WHAT IS BEING ASKED: Search the data for the string "this" and copy each line where it turns up.
- Opening Delimiter -
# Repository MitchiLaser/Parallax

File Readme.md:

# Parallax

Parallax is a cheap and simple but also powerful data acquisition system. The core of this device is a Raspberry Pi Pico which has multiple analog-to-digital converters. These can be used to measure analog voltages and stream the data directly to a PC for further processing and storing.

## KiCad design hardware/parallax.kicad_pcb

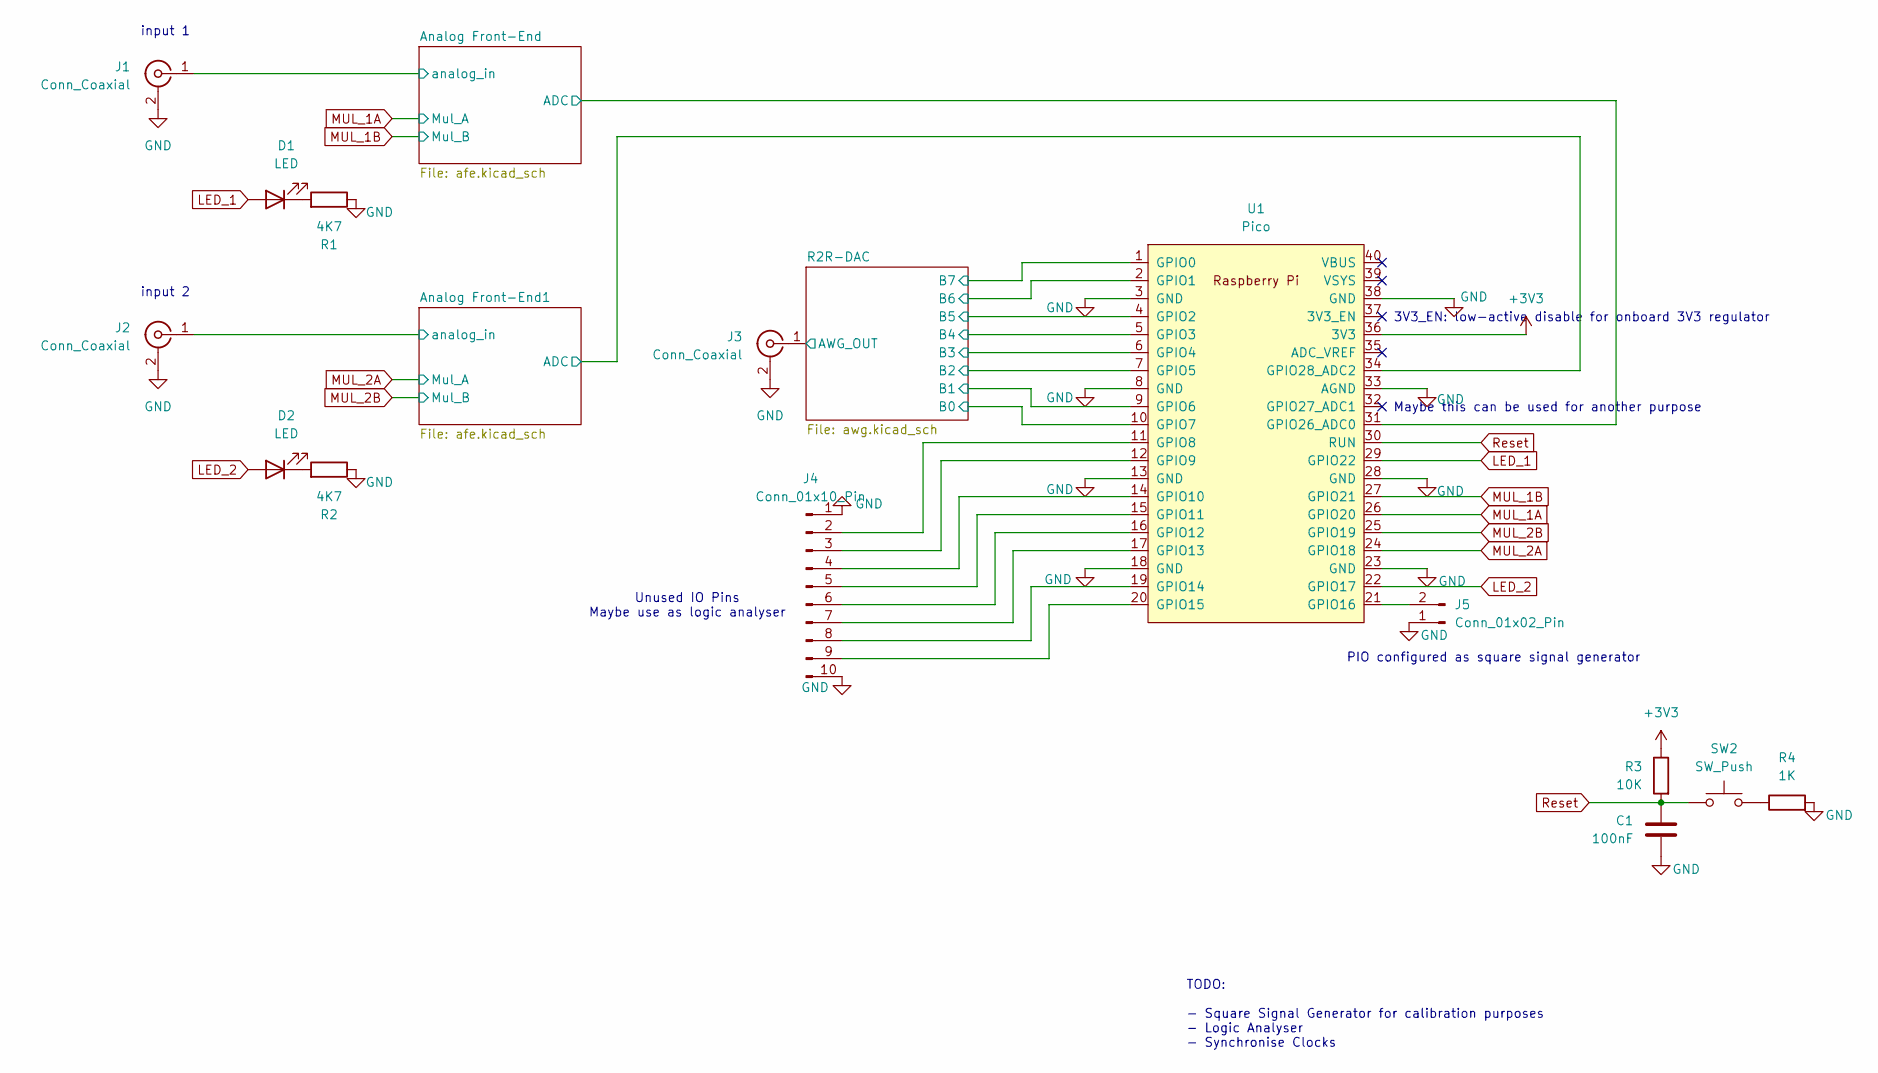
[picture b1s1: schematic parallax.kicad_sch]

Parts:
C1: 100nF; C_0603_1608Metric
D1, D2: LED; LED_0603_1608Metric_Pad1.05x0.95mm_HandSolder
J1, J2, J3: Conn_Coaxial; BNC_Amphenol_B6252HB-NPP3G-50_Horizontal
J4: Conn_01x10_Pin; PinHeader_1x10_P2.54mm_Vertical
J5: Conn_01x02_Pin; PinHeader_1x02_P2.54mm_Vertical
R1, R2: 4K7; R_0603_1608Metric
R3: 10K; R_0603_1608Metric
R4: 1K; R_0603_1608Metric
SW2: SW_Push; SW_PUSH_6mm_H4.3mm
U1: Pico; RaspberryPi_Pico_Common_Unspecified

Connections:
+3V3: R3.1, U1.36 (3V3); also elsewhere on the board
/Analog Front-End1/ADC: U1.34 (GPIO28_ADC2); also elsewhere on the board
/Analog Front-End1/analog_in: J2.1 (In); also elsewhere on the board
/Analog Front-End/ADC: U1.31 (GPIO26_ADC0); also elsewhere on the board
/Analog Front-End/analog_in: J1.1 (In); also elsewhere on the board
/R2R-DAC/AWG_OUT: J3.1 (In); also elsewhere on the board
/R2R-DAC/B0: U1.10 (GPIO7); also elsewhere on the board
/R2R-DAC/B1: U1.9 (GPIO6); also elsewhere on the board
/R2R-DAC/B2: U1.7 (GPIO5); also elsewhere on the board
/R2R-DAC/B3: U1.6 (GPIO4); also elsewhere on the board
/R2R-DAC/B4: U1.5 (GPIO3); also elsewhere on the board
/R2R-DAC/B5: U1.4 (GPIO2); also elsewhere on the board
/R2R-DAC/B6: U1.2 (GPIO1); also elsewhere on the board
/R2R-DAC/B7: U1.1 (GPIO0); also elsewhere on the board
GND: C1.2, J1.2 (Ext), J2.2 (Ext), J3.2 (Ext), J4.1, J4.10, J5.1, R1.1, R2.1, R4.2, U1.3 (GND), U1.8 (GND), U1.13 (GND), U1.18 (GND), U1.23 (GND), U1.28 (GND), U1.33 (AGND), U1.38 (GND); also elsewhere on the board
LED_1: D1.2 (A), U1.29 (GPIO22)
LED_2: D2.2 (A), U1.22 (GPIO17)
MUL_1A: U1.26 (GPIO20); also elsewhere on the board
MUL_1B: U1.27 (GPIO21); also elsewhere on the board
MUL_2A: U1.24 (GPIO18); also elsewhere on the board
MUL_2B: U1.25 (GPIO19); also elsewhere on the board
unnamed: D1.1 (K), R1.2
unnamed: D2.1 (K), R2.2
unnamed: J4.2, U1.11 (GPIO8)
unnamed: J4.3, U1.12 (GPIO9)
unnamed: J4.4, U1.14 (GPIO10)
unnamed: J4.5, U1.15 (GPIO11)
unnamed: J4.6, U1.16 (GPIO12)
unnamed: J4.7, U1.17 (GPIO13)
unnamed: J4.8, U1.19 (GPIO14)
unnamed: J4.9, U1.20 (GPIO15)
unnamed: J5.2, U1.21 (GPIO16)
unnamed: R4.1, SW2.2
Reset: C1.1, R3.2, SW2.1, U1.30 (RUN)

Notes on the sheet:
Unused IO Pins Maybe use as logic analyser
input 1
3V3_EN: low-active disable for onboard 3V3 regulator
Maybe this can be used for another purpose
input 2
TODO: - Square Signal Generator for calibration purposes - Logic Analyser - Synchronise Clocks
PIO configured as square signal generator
- Closing Delimiter -
WRITTEN ANSWER:
Parallax is a cheap and simple but also powerful data acquisition system. The core of this device is a Raspberry Pi Pico which has multiple analog-to-digital converters. These can be used to measure analog voltages and stream the data directly to a PC for further processing and storing.
Maybe this can be used for another purpose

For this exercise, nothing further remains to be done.